What this task involves
Produce an exact copy of all the data below, dropping every image.

Data records
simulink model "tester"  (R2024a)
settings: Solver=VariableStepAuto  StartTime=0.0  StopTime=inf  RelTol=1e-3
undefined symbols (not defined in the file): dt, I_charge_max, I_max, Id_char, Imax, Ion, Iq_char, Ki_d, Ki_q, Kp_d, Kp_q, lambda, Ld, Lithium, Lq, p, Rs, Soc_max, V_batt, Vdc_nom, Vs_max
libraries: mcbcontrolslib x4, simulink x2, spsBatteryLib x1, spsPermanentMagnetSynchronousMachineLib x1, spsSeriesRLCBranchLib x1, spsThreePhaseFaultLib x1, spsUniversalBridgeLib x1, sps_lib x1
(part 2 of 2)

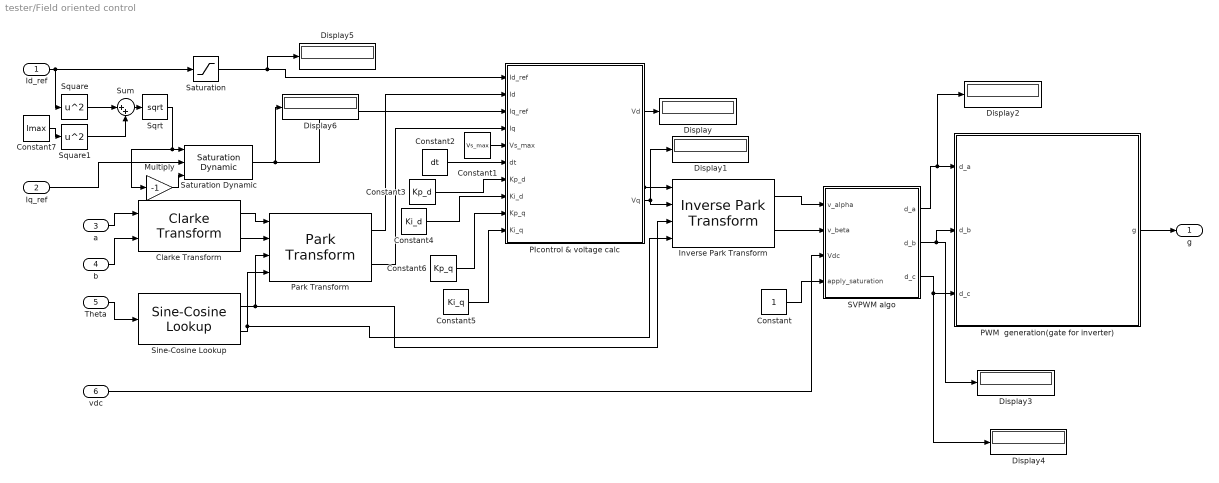
== system tester/Field oriented control ==
  Id_ref : Inport
  Iq_ref : Inport  Port=2
  a : Inport  Port=3
  b : Inport  Port=4
  Theta : Inport  Port=5
  vdc : Inport  Port=6
  Clarke Transform : mcbcontrolslib/Clarke Transform  VariantControl=Variant2  PhaseInput=Two inputs  EnPowerInv=off
      settings: LibrarySourceBlock=mcbhdllib/Controls/Math Transforms/Clarke Transform
  Constant : Constant
  Constant1 : Constant  Value=Vs_max
  Constant2 : Constant  Value=dt
  Constant3 : Constant  Value=Kp_d
  Constant4 : Constant  Value=Ki_d
  Constant5 : Constant  Value=Ki_q
  Constant6 : Constant  Value=Kp_q
  Constant7 : Constant  Value=Imax
  Display{,1..6} (7 alike) : Display
  Inverse Park Transform : mcbcontrolslib/Inverse Park Transform  PhaseInput=Two inputs  AxisAlignment=D-axis  ThetaInput=Sine and Cosine electrical position  AngleInput=Per-unit  N_points=1024
      settings: LibrarySourceBlock=mcbhdllib/Controls/Math Transforms/Inverse Park Transform
  Multiply : Gain  Gain=-1
  PIcontrol & voltage calc : MATLAB Function  TreatAsAtomicUnit=on
  PWM  generation(gate for inverter) : Subsystem
  Park Transform : mcbcontrolslib/Park Transform  PhaseInput=Two inputs  AxisAlignment=D-axis  ThetaInput=Sine and Cosine electrical position  AngleInput=Per-unit  N_points=1024
      settings: LibrarySourceBlock=mcbhdllib/Controls/Math Transforms/Park Transform
  SVPWM algo : MATLAB Function  TreatAsAtomicUnit=on
  Saturation : Saturate  UpperLimit=I_max  LowerLimit=-Imax
  Saturation Dynamic : simulink/Discontinuities/Saturation Dynamic  OutMin=[]  OutMax=[]  OutDataTypeStr=Inherit: Same as second input  OutDataType=fixdt(1, 16)  OutScaling=2^-10  DoSatur=off
  Sine-Cosine Lookup : mcbcontrolslib/Sine-Cosine Lookup  AngleInput=Per-unit  N_points=1024  DatatypeInput=Inherit from input  Datatype=single
      settings: LibrarySourceBlock=mcblib/Controls/Math Transforms/Sine-Cosine Lookup
  Sqrt : Sqrt
  Square : Math  Operator=square
  Square1 : Math  Operator=square
  Sum : Sum  Inputs=|++
  g : Outport
  wires:
  b/1 -> Clarke Transform/2
  Clarke Transform/1 -> Park Transform/1
  a/1 -> Clarke Transform/1
  Sine-Cosine Lookup/2 -> Inverse Park Transform/4, Park Transform/4
  PIcontrol & voltage calc/1(Vd) -> Display/1, Inverse Park Transform/1
  Clarke Transform/2 -> Park Transform/2
  Park Transform/1 -> PIcontrol & voltage calc/2(Id)
  Sine-Cosine Lookup/1 -> Inverse Park Transform/3, Park Transform/3
  PIcontrol & voltage calc/2(Vq) -> Inverse Park Transform/2, Display1/1
  Id_ref/1 -> Square/1, Saturation/1
  Park Transform/2 -> PIcontrol & voltage calc/4(Iq)
  Theta/1 -> Sine-Cosine Lookup/1
  Inverse Park Transform/1 -> SVPWM algo/1(v_alpha)
  Inverse Park Transform/2 -> SVPWM algo/2(v_beta)
  vdc/1 -> SVPWM algo/3(Vdc)
  Constant/1 -> SVPWM algo/4(apply_saturation)
  SVPWM algo/1(d_a) -> Display2/1, PWM  generation(gate for inverter)/1(d_a)
  SVPWM algo/2(d_b) -> Display3/1, PWM  generation(gate for inverter)/2(d_b)
  SVPWM algo/3(d_c) -> Display4/1, PWM  generation(gate for inverter)/3(d_c)
  PWM  generation(gate for inverter)/1(g) -> g/1
  Constant1/1 -> PIcontrol & voltage calc/5(Vs_max)
  Constant2/1 -> PIcontrol & voltage calc/6(dt)
  Constant3/1 -> PIcontrol & voltage calc/7(Kp_d)
  Constant4/1 -> PIcontrol & voltage calc/8(Ki_d)
  Constant5/1 -> PIcontrol & voltage calc/10(Ki_q)
  Constant6/1 -> PIcontrol & voltage calc/9(Kp_q)
  Saturation/1 -> Display5/1, PIcontrol & voltage calc/1(Id_ref)
  Square/1 -> Sum/1
  Constant7/1 -> Square1/1
  Square1/1 -> Sum/2
  Sum/1 -> Sqrt/1
  Sqrt/1 -> Multiply/1, Saturation Dynamic/1
  Iq_ref/1 -> Saturation Dynamic/2
  Multiply/1 -> Saturation Dynamic/3
  Saturation Dynamic/1 -> Display6/1, PIcontrol & voltage calc/3(Iq_ref)

== system tester/References Calculation ==
  Regen_availability : Inport
  TrqREq : Inport  Port=2
  Wm : Inport  Port=3
  Base speed calculation : Subsystem
  MTPA  torque calculation : Subsystem
  MTPA current references : Subsystem
  Mode Determination + (dq) references genration : Subsystem
  Torque reference determination : Subsystem
  Voltages Calculation : Subsystem
  Id_ref : Outport
  Iq_ref : Outport  Port=2
  wires:
  Torque reference determination/1(Tref) -> Mode Determination + (dq) references genration/1(Tref), MTPA current references/1(T_ref)
  MTPA current references/2(Iq_ref_mtpa) -> Voltages Calculation/2(Iq_ref_mtpa), Mode Determination + (dq) references genration/4(Iq_ref_mtpa)
  TrqREq/1 -> Torque reference determination/1(TrqReq)
  MTPA current references/1(Id_ref_mtpa) -> Mode Determination + (dq) references genration/2(Id_ref_mtpa), Voltages Calculation/1(Id_ref_mtpa)
  Voltages Calculation/1(Vd_mtpa) -> Mode Determination + (dq) references genration/3(Vd_mtpa)
  Wm/1 -> Torque reference determination/4(Wmech), Mode Determination + (dq) references genration/6(Wmech), Voltages Calculation/3(Wmech)
  [T_mtpa_max] -> Torque reference determination/3(T_mtpa_max)
  MTPA  torque calculation/1(T_mtpa_max) -> [T_mtpa_max]
  Voltages Calculation/2(Vq_mtpa) -> Mode Determination + (dq) references genration/5(Vq_mtpa)
  Mode Determination + (dq) references genration/2(Iq_ref) -> Iq_ref/1
  Mode Determination + (dq) references genration/1(Id_ref) -> Id_ref/1
  Regen_availability/1 -> Torque reference determination/2(Regen_availability)
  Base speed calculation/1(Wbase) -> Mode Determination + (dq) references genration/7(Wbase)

Task response
simulink model "tester"  (R2024a)
settings: Solver=VariableStepAuto  StartTime=0.0  StopTime=inf  RelTol=1e-3
undefined symbols (not defined in the file): dt, I_charge_max, I_max, Id_char, Imax, Ion, Iq_char, Ki_d, Ki_q, Kp_d, Kp_q, lambda, Ld, Lithium, Lq, p, Rs, Soc_max, V_batt, Vdc_nom, Vs_max
libraries: mcbcontrolslib x4, simulink x2, spsBatteryLib x1, spsPermanentMagnetSynchronousMachineLib x1, spsSeriesRLCBranchLib x1, spsThreePhaseFaultLib x1, spsUniversalBridgeLib x1, sps_lib x1
(part 2 of 2)

== system tester/Field oriented control ==
  Id_ref : Inport
  Iq_ref : Inport  Port=2
  a : Inport  Port=3
  b : Inport  Port=4
  Theta : Inport  Port=5
  vdc : Inport  Port=6
  Clarke Transform : mcbcontrolslib/Clarke Transform  VariantControl=Variant2  PhaseInput=Two inputs  EnPowerInv=off
      settings: LibrarySourceBlock=mcbhdllib/Controls/Math Transforms/Clarke Transform
  Constant : Constant
  Constant1 : Constant  Value=Vs_max
  Constant2 : Constant  Value=dt
  Constant3 : Constant  Value=Kp_d
  Constant4 : Constant  Value=Ki_d
  Constant5 : Constant  Value=Ki_q
  Constant6 : Constant  Value=Kp_q
  Constant7 : Constant  Value=Imax
  Display{,1..6} (7 alike) : Display
  Inverse Park Transform : mcbcontrolslib/Inverse Park Transform  PhaseInput=Two inputs  AxisAlignment=D-axis  ThetaInput=Sine and Cosine electrical position  AngleInput=Per-unit  N_points=1024
      settings: LibrarySourceBlock=mcbhdllib/Controls/Math Transforms/Inverse Park Transform
  Multiply : Gain  Gain=-1
  PIcontrol & voltage calc : MATLAB Function  TreatAsAtomicUnit=on
  PWM  generation(gate for inverter) : Subsystem
  Park Transform : mcbcontrolslib/Park Transform  PhaseInput=Two inputs  AxisAlignment=D-axis  ThetaInput=Sine and Cosine electrical position  AngleInput=Per-unit  N_points=1024
      settings: LibrarySourceBlock=mcbhdllib/Controls/Math Transforms/Park Transform
  SVPWM algo : MATLAB Function  TreatAsAtomicUnit=on
  Saturation : Saturate  UpperLimit=I_max  LowerLimit=-Imax
  Saturation Dynamic : simulink/Discontinuities/Saturation Dynamic  OutMin=[]  OutMax=[]  OutDataTypeStr=Inherit: Same as second input  OutDataType=fixdt(1, 16)  OutScaling=2^-10  DoSatur=off
  Sine-Cosine Lookup : mcbcontrolslib/Sine-Cosine Lookup  AngleInput=Per-unit  N_points=1024  DatatypeInput=Inherit from input  Datatype=single
      settings: LibrarySourceBlock=mcblib/Controls/Math Transforms/Sine-Cosine Lookup
  Sqrt : Sqrt
  Square : Math  Operator=square
  Square1 : Math  Operator=square
  Sum : Sum  Inputs=|++
  g : Outport
  wires:
  b/1 -> Clarke Transform/2
  Clarke Transform/1 -> Park Transform/1
  a/1 -> Clarke Transform/1
  Sine-Cosine Lookup/2 -> Inverse Park Transform/4, Park Transform/4
  PIcontrol & voltage calc/1(Vd) -> Display/1, Inverse Park Transform/1
  Clarke Transform/2 -> Park Transform/2
  Park Transform/1 -> PIcontrol & voltage calc/2(Id)
  Sine-Cosine Lookup/1 -> Inverse Park Transform/3, Park Transform/3
  PIcontrol & voltage calc/2(Vq) -> Inverse Park Transform/2, Display1/1
  Id_ref/1 -> Square/1, Saturation/1
  Park Transform/2 -> PIcontrol & voltage calc/4(Iq)
  Theta/1 -> Sine-Cosine Lookup/1
  Inverse Park Transform/1 -> SVPWM algo/1(v_alpha)
  Inverse Park Transform/2 -> SVPWM algo/2(v_beta)
  vdc/1 -> SVPWM algo/3(Vdc)
  Constant/1 -> SVPWM algo/4(apply_saturation)
  SVPWM algo/1(d_a) -> Display2/1, PWM  generation(gate for inverter)/1(d_a)
  SVPWM algo/2(d_b) -> Display3/1, PWM  generation(gate for inverter)/2(d_b)
  SVPWM algo/3(d_c) -> Display4/1, PWM  generation(gate for inverter)/3(d_c)
  PWM  generation(gate for inverter)/1(g) -> g/1
  Constant1/1 -> PIcontrol & voltage calc/5(Vs_max)
  Constant2/1 -> PIcontrol & voltage calc/6(dt)
  Constant3/1 -> PIcontrol & voltage calc/7(Kp_d)
  Constant4/1 -> PIcontrol & voltage calc/8(Ki_d)
  Constant5/1 -> PIcontrol & voltage calc/10(Ki_q)
  Constant6/1 -> PIcontrol & voltage calc/9(Kp_q)
  Saturation/1 -> Display5/1, PIcontrol & voltage calc/1(Id_ref)
  Square/1 -> Sum/1
  Constant7/1 -> Square1/1
  Square1/1 -> Sum/2
  Sum/1 -> Sqrt/1
  Sqrt/1 -> Multiply/1, Saturation Dynamic/1
  Iq_ref/1 -> Saturation Dynamic/2
  Multiply/1 -> Saturation Dynamic/3
  Saturation Dynamic/1 -> Display6/1, PIcontrol & voltage calc/3(Iq_ref)

== system tester/References Calculation ==
  Regen_availability : Inport
  TrqREq : Inport  Port=2
  Wm : Inport  Port=3
  Base speed calculation : Subsystem
  MTPA  torque calculation : Subsystem
  MTPA current references : Subsystem
  Mode Determination + (dq) references genration : Subsystem
  Torque reference determination : Subsystem
  Voltages Calculation : Subsystem
  Id_ref : Outport
  Iq_ref : Outport  Port=2
  wires:
  Torque reference determination/1(Tref) -> Mode Determination + (dq) references genration/1(Tref), MTPA current references/1(T_ref)
  MTPA current references/2(Iq_ref_mtpa) -> Voltages Calculation/2(Iq_ref_mtpa), Mode Determination + (dq) references genration/4(Iq_ref_mtpa)
  TrqREq/1 -> Torque reference determination/1(TrqReq)
  MTPA current references/1(Id_ref_mtpa) -> Mode Determination + (dq) references genration/2(Id_ref_mtpa), Voltages Calculation/1(Id_ref_mtpa)
  Voltages Calculation/1(Vd_mtpa) -> Mode Determination + (dq) references genration/3(Vd_mtpa)
  Wm/1 -> Torque reference determination/4(Wmech), Mode Determination + (dq) references genration/6(Wmech), Voltages Calculation/3(Wmech)
  [T_mtpa_max] -> Torque reference determination/3(T_mtpa_max)
  MTPA  torque calculation/1(T_mtpa_max) -> [T_mtpa_max]
  Voltages Calculation/2(Vq_mtpa) -> Mode Determination + (dq) references genration/5(Vq_mtpa)
  Mode Determination + (dq) references genration/2(Iq_ref) -> Iq_ref/1
  Mode Determination + (dq) references genration/1(Id_ref) -> Id_ref/1
  Regen_availability/1 -> Torque reference determination/2(Regen_availability)
  Base speed calculation/1(Wbase) -> Mode Determination + (dq) references genration/7(Wbase)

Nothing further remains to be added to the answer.